Scan the entries that follow and give only the number of lines containing "from".

*Data entries*.
□ □ □

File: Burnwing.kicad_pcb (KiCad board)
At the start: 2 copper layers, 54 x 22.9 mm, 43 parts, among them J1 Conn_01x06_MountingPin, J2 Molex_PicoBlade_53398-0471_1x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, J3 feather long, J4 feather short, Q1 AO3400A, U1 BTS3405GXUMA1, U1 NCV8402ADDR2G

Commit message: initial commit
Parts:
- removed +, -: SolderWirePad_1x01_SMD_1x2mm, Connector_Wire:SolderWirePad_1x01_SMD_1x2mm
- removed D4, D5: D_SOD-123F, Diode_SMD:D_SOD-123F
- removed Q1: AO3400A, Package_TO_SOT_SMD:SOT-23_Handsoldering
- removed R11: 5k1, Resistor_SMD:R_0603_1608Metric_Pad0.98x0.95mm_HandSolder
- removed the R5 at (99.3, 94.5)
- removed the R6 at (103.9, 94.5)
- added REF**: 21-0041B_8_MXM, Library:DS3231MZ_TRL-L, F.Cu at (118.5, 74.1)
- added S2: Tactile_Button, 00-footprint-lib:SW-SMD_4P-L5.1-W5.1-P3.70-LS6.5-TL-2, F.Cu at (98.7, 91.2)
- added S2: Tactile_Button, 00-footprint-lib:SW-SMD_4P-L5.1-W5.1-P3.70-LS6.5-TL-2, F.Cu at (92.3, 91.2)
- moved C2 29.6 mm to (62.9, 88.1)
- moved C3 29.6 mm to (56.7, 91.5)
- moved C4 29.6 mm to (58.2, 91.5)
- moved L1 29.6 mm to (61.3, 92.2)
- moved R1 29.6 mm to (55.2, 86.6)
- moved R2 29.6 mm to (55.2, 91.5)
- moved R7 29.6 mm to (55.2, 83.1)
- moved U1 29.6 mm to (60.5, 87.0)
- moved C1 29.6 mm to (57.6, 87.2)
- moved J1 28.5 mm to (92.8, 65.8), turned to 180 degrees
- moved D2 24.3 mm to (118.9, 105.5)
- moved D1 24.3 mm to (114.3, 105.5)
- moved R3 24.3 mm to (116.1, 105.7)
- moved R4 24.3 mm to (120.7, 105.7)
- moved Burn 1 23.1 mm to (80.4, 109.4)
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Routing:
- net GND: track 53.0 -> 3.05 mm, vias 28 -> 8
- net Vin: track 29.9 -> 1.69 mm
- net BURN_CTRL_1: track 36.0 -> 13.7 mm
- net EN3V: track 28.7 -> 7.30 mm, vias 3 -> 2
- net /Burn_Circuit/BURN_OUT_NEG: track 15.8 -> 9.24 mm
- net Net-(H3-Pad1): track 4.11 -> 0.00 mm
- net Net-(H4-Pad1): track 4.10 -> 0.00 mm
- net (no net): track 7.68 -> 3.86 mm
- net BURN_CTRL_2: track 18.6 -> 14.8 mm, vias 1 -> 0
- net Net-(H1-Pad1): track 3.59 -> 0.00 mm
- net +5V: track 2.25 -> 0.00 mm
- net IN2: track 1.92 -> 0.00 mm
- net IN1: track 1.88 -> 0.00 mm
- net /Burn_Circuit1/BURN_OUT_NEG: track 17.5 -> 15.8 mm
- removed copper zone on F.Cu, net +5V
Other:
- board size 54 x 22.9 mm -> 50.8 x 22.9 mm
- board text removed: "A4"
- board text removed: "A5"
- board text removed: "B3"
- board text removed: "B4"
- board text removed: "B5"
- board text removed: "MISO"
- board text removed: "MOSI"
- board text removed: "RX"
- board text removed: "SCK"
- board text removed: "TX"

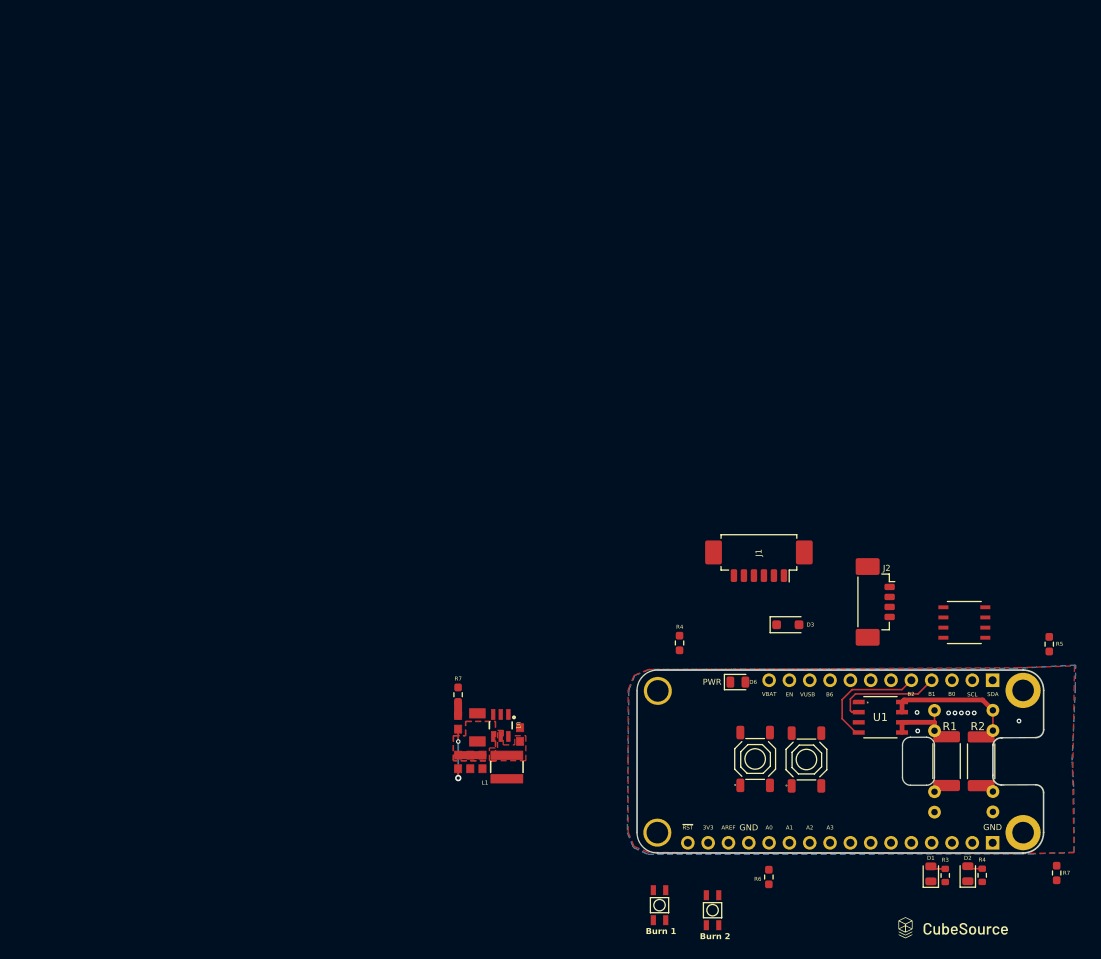
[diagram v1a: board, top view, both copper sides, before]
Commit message: Changed to USB C power
Switched our regulator for selectable usb C power delivery
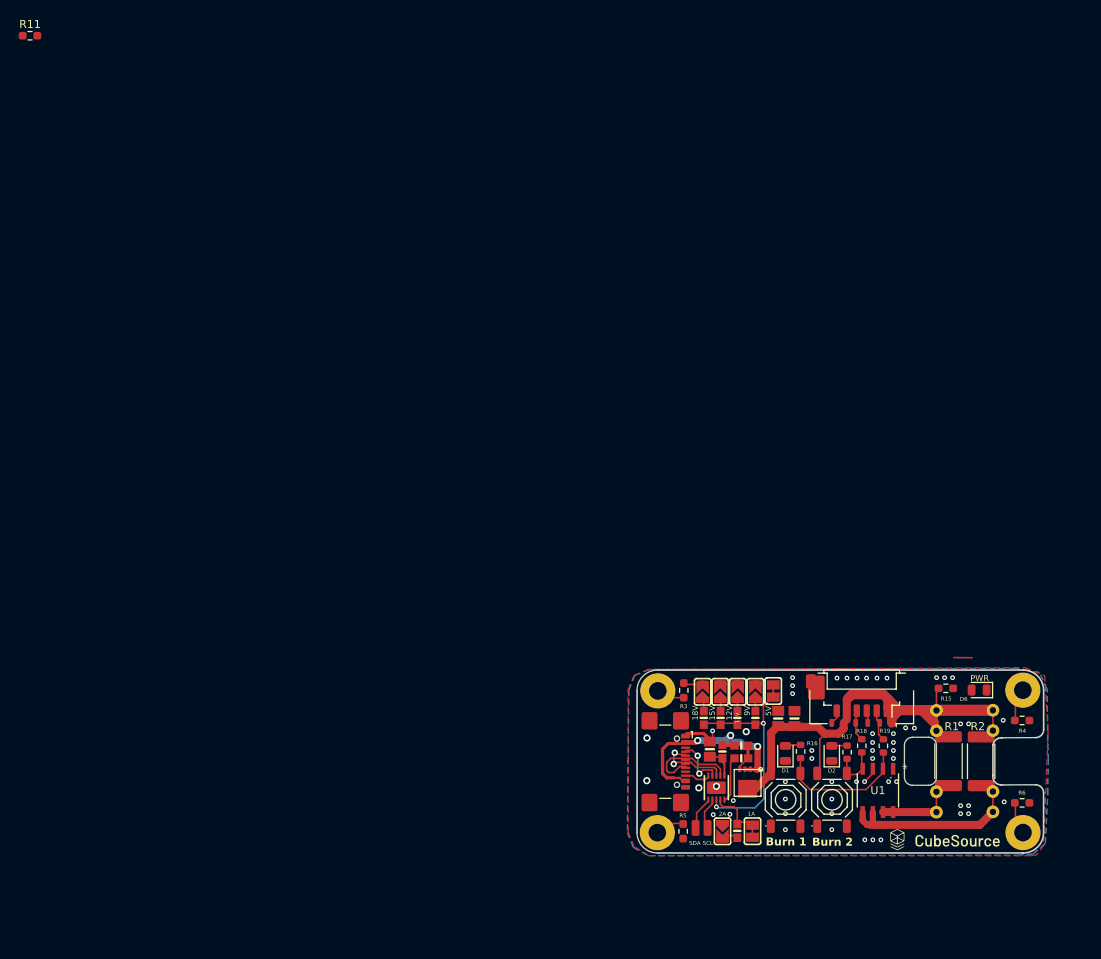
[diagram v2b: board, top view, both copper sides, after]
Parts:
- removed the Burn 1 at (80.4, 109.4)
- removed the Burn 2 at (87.0, 110.1)
- removed C1: 10uF, 1210
- removed D3: D_SOD-123F, Diode_SMD:D_SOD-123F
- removed the H3 at (125.8, 100.4)
- removed the H3 at (125.8, 82.6)
- removed J2: Molex_PicoBlade_53398-0471_1x04-1MP_P1.25mm_Vertical, Connector_Molex:Molex_PicoBlade_53398-0471_1x04-1MP_P1.25mm_Vertical
- removed J3: feather long, Connector_PinHeader_2.54mm:PinHeader_1x16_P2.54mm_Vertical
- removed J4: feather short, Connector_PinHeader_2.54mm:PinHeader_1x12_P2.54mm_Vertical
- removed L1: 4.7uH, INDUCTOR_4X4MM
- removed the R1 at (55.2, 86.6)
- removed the R2 at (55.2, 91.5)
- removed the REF** at (118.5, 74.1)
- removed the U1 at (60.5, 87.0)
- added 12V: 10K, Adafruit HUSB238 USB-C PD Breakout:0603-NO, F.Cu at (90.1, 86.0)
- added 15V: 14K, Adafruit HUSB238 USB-C PD Breakout:0603-NO, F.Cu at (88.0, 86.0)
- added 18V: 18K, Adafruit HUSB238 USB-C PD Breakout:0603-NO, F.Cu at (85.9, 86.0)
- added 1A: , Adafruit HUSB238 USB-C PD Breakout:SOLDERJUMPER_CLOSEDWIRE, F.Cu at (92.0, 100.2)
- added 2A: , Adafruit HUSB238 USB-C PD Breakout:SOLDERJUMPER_ARROW_NOPASTE, F.Cu at (88.2, 100.2)
- added 5V: , Adafruit HUSB238 USB-C PD Breakout:SOLDERJUMPER_CLOSEDWIRE, F.Cu at (94.6, 82.7)
- added 9V: 6K, Adafruit HUSB238 USB-C PD Breakout:0603-NO, F.Cu at (92.3, 86.0)
- added H2: MountingHole_Pad, MountingHole:MountingHole_2.2mm_M2_Pad, F.Cu at (125.8, 82.6)
- added H4: MountingHole_Pad, MountingHole:MountingHole_2.2mm_M2_Pad, F.Cu at (125.8, 100.4)
- added PLABEL0: , Adafruit HUSB238 USB-C PD Breakout:PLABEL0, F.Cu at (99.5, 96.2)
- added PLABEL1: , Adafruit HUSB238 USB-C PD Breakout:PLABEL1, F.Cu at (89.7, 106.1)
- added PLABEL10: , Adafruit HUSB238 USB-C PD Breakout:PLABEL10, F.Cu at (95.5, 86.2)
- added PLABEL12: , Adafruit HUSB238 USB-C PD Breakout:PLABEL12, F.Cu at (89.5, 97.2)
- added PLABEL13: , Adafruit HUSB238 USB-C PD Breakout:PLABEL13, F.Cu at (85.2, 97.2)
- added PLABEL14: , Adafruit HUSB238 USB-C PD Breakout:PLABEL14, F.Cu at (83.0, 97.2)
- added PLABEL15: , Adafruit HUSB238 USB-C PD Breakout:PLABEL15, F.Cu at (82.8, 99.5)
- added PLABEL16: , Adafruit HUSB238 USB-C PD Breakout:PLABEL16, F.Cu at (99.5, 93.8)
- added PLABEL17: , Adafruit HUSB238 USB-C PD Breakout:PLABEL17, F.Cu at (101.6, 89.0)
- added PLABEL18: , Adafruit HUSB238 USB-C PD Breakout:PLABEL18, B.Cu at (81.0, 91.3)
- added PLABEL19: , Adafruit HUSB238 USB-C PD Breakout:PLABEL19, B.Cu at (88.8, 91.3)
- added PLABEL2: , Adafruit HUSB238 USB-C PD Breakout:PLABEL2, F.Cu at (92.2, 108.7)
- added PLABEL3: , Adafruit HUSB238 USB-C PD Breakout:PLABEL3, F.Cu at (99.5, 98.8)
- added PLABEL4: , Adafruit HUSB238 USB-C PD Breakout:PLABEL4, F.Cu at (85.1, 91.7)
- added PLABEL8: , Adafruit HUSB238 USB-C PD Breakout:PLABEL8, F.Cu at (91.6, 86.2)
- added PLABEL9: , Adafruit HUSB238 USB-C PD Breakout:PLABEL9, F.Cu at (94.0, 86.2)
- added Q1: AONR21307, Adafruit HUSB238 USB-C PD Breakout:POWERDI3333, F.Cu at (91.4, 93.9)
- added R11: 6K, Resistor_SMD:R_0603_1608Metric_Pad0.98x0.95mm_HandSolder, F.Cu at (1.68, 0.76)
- added R15: 6K, Resistor_SMD:R_0603_1608Metric_Pad0.98x0.95mm_HandSolder, F.Cu at (116.2, 82.3)
- added R18: 5.1K, Resistor_SMD:R_0603_1608Metric, F.Cu at (105.7, 89.5)
- added R19: 14K, Resistor_SMD:R_0603_1608Metric, F.Cu at (108.3, 89.5)
- added R8: 49.9K, Adafruit HUSB238 USB-C PD Breakout:0603-NO, F.Cu at (90.1, 100.1)
- added R8: 49.9K, Adafruit HUSB238 USB-C PD Breakout:0603-NO, F.Cu at (90.6, 89.5)
- added R9: 5.1K, Adafruit HUSB238 USB-C PD Breakout:0603-NO, F.Cu at (90.6, 91.1)
- added SCL: SolderWirePad_1x01_SMD_1x2mm, Library:SolderWirePad_1x01_SMD_1x2mm, F.Cu at (86.4, 99.8)
- added SDA: SolderWirePad_1x01_SMD_1x2mm, Library:SolderWirePad_1x01_SMD_1x2mm, F.Cu at (84.9, 99.8)
- added SJ2: SOLDERJUMPER, Adafruit HUSB238 USB-C PD Breakout:SOLDERJUMPER_ARROW_NOPASTE, F.Cu at (92.3, 82.8)
- added SJ3: SOLDERJUMPER, Adafruit HUSB238 USB-C PD Breakout:SOLDERJUMPER_ARROW_NOPASTE, F.Cu at (90.2, 82.8)
- added SJ4: SOLDERJUMPER, Adafruit HUSB238 USB-C PD Breakout:SOLDERJUMPER_ARROW_NOPASTE, F.Cu at (88.0, 82.8)
- added SJ5: SOLDERJUMPER, Adafruit HUSB238 USB-C PD Breakout:SOLDERJUMPER_ARROW_NOPASTE, F.Cu at (85.8, 82.8)
- added X1: USB_C_Receptacle_GCT_USB4110, Connector_USB:USB_C_Receptacle_GCT_USB4110, F.Cu at (79.9, 91.5)
- added X3: HUSB238, Adafruit HUSB238 USB-C PD Breakout:DFN10_3X3MM, F.Cu at (87.5, 94.8)
- added p: Molex_Pico-Lock_504050-0691_1x06-1MP_P1.50mm_Horizontal, Connector_Molex:Molex_Pico-Lock_504050-0691_1x06-1MP_P1.50mm_Horizontal, F.Cu at (105.6, 83.9)
- Burn 1: renamed from S2
- Burn 2: renamed from S2
- C2: value 0.1uF -> 100n; footprint 0603 -> Adafruit HUSB238 USB-C PD Breakout:0805-NO
- C3: value 0.1uF -> 1uF/50V; footprint 0603 -> Adafruit HUSB238 USB-C PD Breakout:0805-NO
- C4: value 22uF -> 4.7uF; footprint 0603 -> Adafruit HUSB238 USB-C PD Breakout:0805-NO
- G***: footprint LOGO -> Library:LOGO
- R1: value R -> 4.7
- R16: renamed from R3; value 10 -> 10 ohm
- R17: renamed from R4; value 10 -> 49.9K
- R2: value AxialBurnResistor_No_Cutout -> 4.7
- R7: value 0 -> 10 ohm; footprint Resistor_SMD:R_0603_1608Metric_Pad0.98x0.95mm_HandSolder -> Adafruit HUSB238 USB-C PD Breakout:0603-NO
- moved C4 39.4 mm to (97.2, 86.1)
- moved R7 33.8 mm to (88.2, 90.2), turned to 90 degrees
- moved C2 32.3 mm to (95.2, 86.1), turned to 90 degrees
- moved D6 30.2 mm to (120.3, 82.5), turned to 180 degrees
- moved C3 30.0 mm to (86.7, 89.9)
- moved R16 23.8 mm to (98.0, 90.2)
- moved D1 23.6 mm to (96.1, 90.5)
- moved R17 22.8 mm to (103.8, 90.3)
- moved D2 22.7 mm to (101.9, 90.5)
- moved J1 21.2 mm to (105.6, 82.7)
- moved R5 12.1 mm to (83.3, 100.2)
- moved G*** 11.1 mm to (116.0, 101.3)
- moved Burn 2 10.9 mm to (101.9, 96.3)
- moved R4 10.1 mm to (125.7, 86.3), turned to 0 degrees
- moved R6 9.77 mm to (125.7, 96.6), turned to 0 degrees
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- renumbered R4 to R3, R5 to R4, R6 to R5, R7 to R6
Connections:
- Burn 1 pad 1: (no net) -> VOUT
- Burn 1 pad 2: (no net) -> VOUT
- Burn 1 pad 3: (no net) -> BURN_CTRL_1
- Burn 1 pad 4: (no net) -> BURN_CTRL_1
- Burn 2 pad 1: (no net) -> VOUT
- Burn 2 pad 2: (no net) -> VOUT
- Burn 2 pad 3: (no net) -> BURN_CTRL_1
- Burn 2 pad 4: (no net) -> BURN_CTRL_2
- C2 pad 1: (no net) -> VDC
- C2 pad 2: Vin -> GND
- C3 pad 1: +5V -> Net-(X3-VIN)
- C4 pad 1: +5V -> /VOUT
- D6 pad 2: Vin -> (no net)
- J1 pad 1: Vin -> VOUT
- J1 pad 2: Vin -> BURN_CTRL_1
- J1 pad 3: Vin -> GND
- J1 pad 4: GND -> BURN_CTRL_2
- J1 pad 5: GND -> VOUT
- R1 pad 1: /Burn_Circuit/BURN_OUT_NEG -> unconnected-(R1-Pad1)
- R1 pad 2: +5V -> Net-(R1-Pad2)
- R16 pad 1: IN1 -> Net-(X3-VIN)
- R16 pad 2: (no net) -> Net-(Q1-S-Pad1)
- R17 pad 1: IN2 -> Net-(Q1-S-Pad1)
- R17 pad 2: (no net) -> Net-(Q1-G)
- R2 pad 1: /Burn_Circuit1/BURN_OUT_NEG -> unconnected-(R2-Pad1)
- R2 pad 2: +5V -> Net-(R2-Pad2)
- R4 pad 1: (no net) -> Net-(H2-Pad1)
- R5 pad 1: GND -> Net-(H3-Pad1)
- R5 pad 2: Net-(H3-Pad1) -> GND
- R7 pad 1: Vin -> Net-(X3-VIN)
- R7 pad 2: Vin -> Net-(Q1-S-Pad1)
- REF** pad 1: /Burn_Circuit1/BURN_OUT_NEG -> VOUT
- REF** pad 2: +5V -> Net-(R2-Pad2)
- REF** pad 1: /Burn_Circuit/BURN_OUT_NEG -> VOUT
- REF** pad 2: +5V -> Net-(R1-Pad2)
- U1 pad 1: GND -> unconnected-(U1-SOURCE1-Pad1)
- U1 pad 2: BURN_CTRL_1 -> /GATE1
- U1 pad 3: GND -> unconnected-(U1-SOURCE2-Pad3)
- U1 pad 4: BURN_CTRL_2 -> /GATE2
- U1 pad 5: /Burn_Circuit/BURN_OUT_NEG -> Net-(R2-Pad2)
- U1 pad 6: /Burn_Circuit/BURN_OUT_NEG -> Net-(R2-Pad2)
- U1 pad 7: /Burn_Circuit1/BURN_OUT_NEG -> Net-(R1-Pad2)
- U1 pad 8: /Burn_Circuit1/BURN_OUT_NEG -> Net-(R1-Pad2)
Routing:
- net VOUT: track 0.00 -> 78.6 mm
- net Net-(Q1-S-Pad1): track 0.00 -> 30.5 mm, vias 0 -> 2
- net N$3: track 0.00 -> 27.9 mm, vias 0 -> 2
- net Net-(R2-Pad2): track 0.00 -> 22.5 mm
- net /Burn_Circuit1/BURN_OUT_NEG: track 15.8 -> 0.00 mm
- net /D+: track 0.00 -> 12.3 mm
- net GND: track 3.05 -> 13.5 mm, vias 8 -> 56
- net /D-: track 0.00 -> 9.69 mm, vias 0 -> 2
- net /Burn_Circuit/BURN_OUT_NEG: track 9.24 -> 0.00 mm
- net Net-(R1-Pad2): track 0.00 -> 9.01 mm
- net EN3V: track 7.30 -> 0.00 mm, vias 2 -> 0
- net BURN_CTRL_1: track 13.7 -> 21.0 mm
- net /CC1: track 0.00 -> 6.75 mm, vias 0 -> 2
- net N$9: track 0.00 -> 6.19 mm
- net Net-(X3-GATE): track 0.00 -> 5.83 mm
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- removed copper zone on F.Cu, net Vin
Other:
- board text removed: "3V3"
- board text removed: "A0"
- board text removed: "A1"
- board text removed: "A2"
- board text removed: "A3"
- board text removed: "AREF"
- board text removed: "B0"
- board text removed: "B1"
- board text removed: "B2"
- board text removed: "B6"
- board text removed: "EN"
- board text removed: "GND"
- board text removed: "SCL"
- board text removed: "SDA"
- board text removed: "VBAT"
- board text removed: "VUSB"
- board text removed: "~{RST}"

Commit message: updated layou/schematic
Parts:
- removed the 12V at (90.1, 86.0)
- removed the 15V at (88.0, 86.0)
- removed the 18V at (85.9, 86.0)
- removed 1A: , Adafruit HUSB238 USB-C PD Breakout:SOLDERJUMPER_CLOSEDWIRE
- removed 2A: , Adafruit HUSB238 USB-C PD Breakout:SOLDERJUMPER_ARROW_NOPASTE
- removed the 9V at (92.3, 86.0)
- removed PLABEL1: , Adafruit HUSB238 USB-C PD Breakout:PLABEL1
- removed PLABEL12: , Adafruit HUSB238 USB-C PD Breakout:PLABEL12
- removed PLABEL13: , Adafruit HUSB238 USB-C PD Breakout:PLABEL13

□ □ □

*Task result*. 4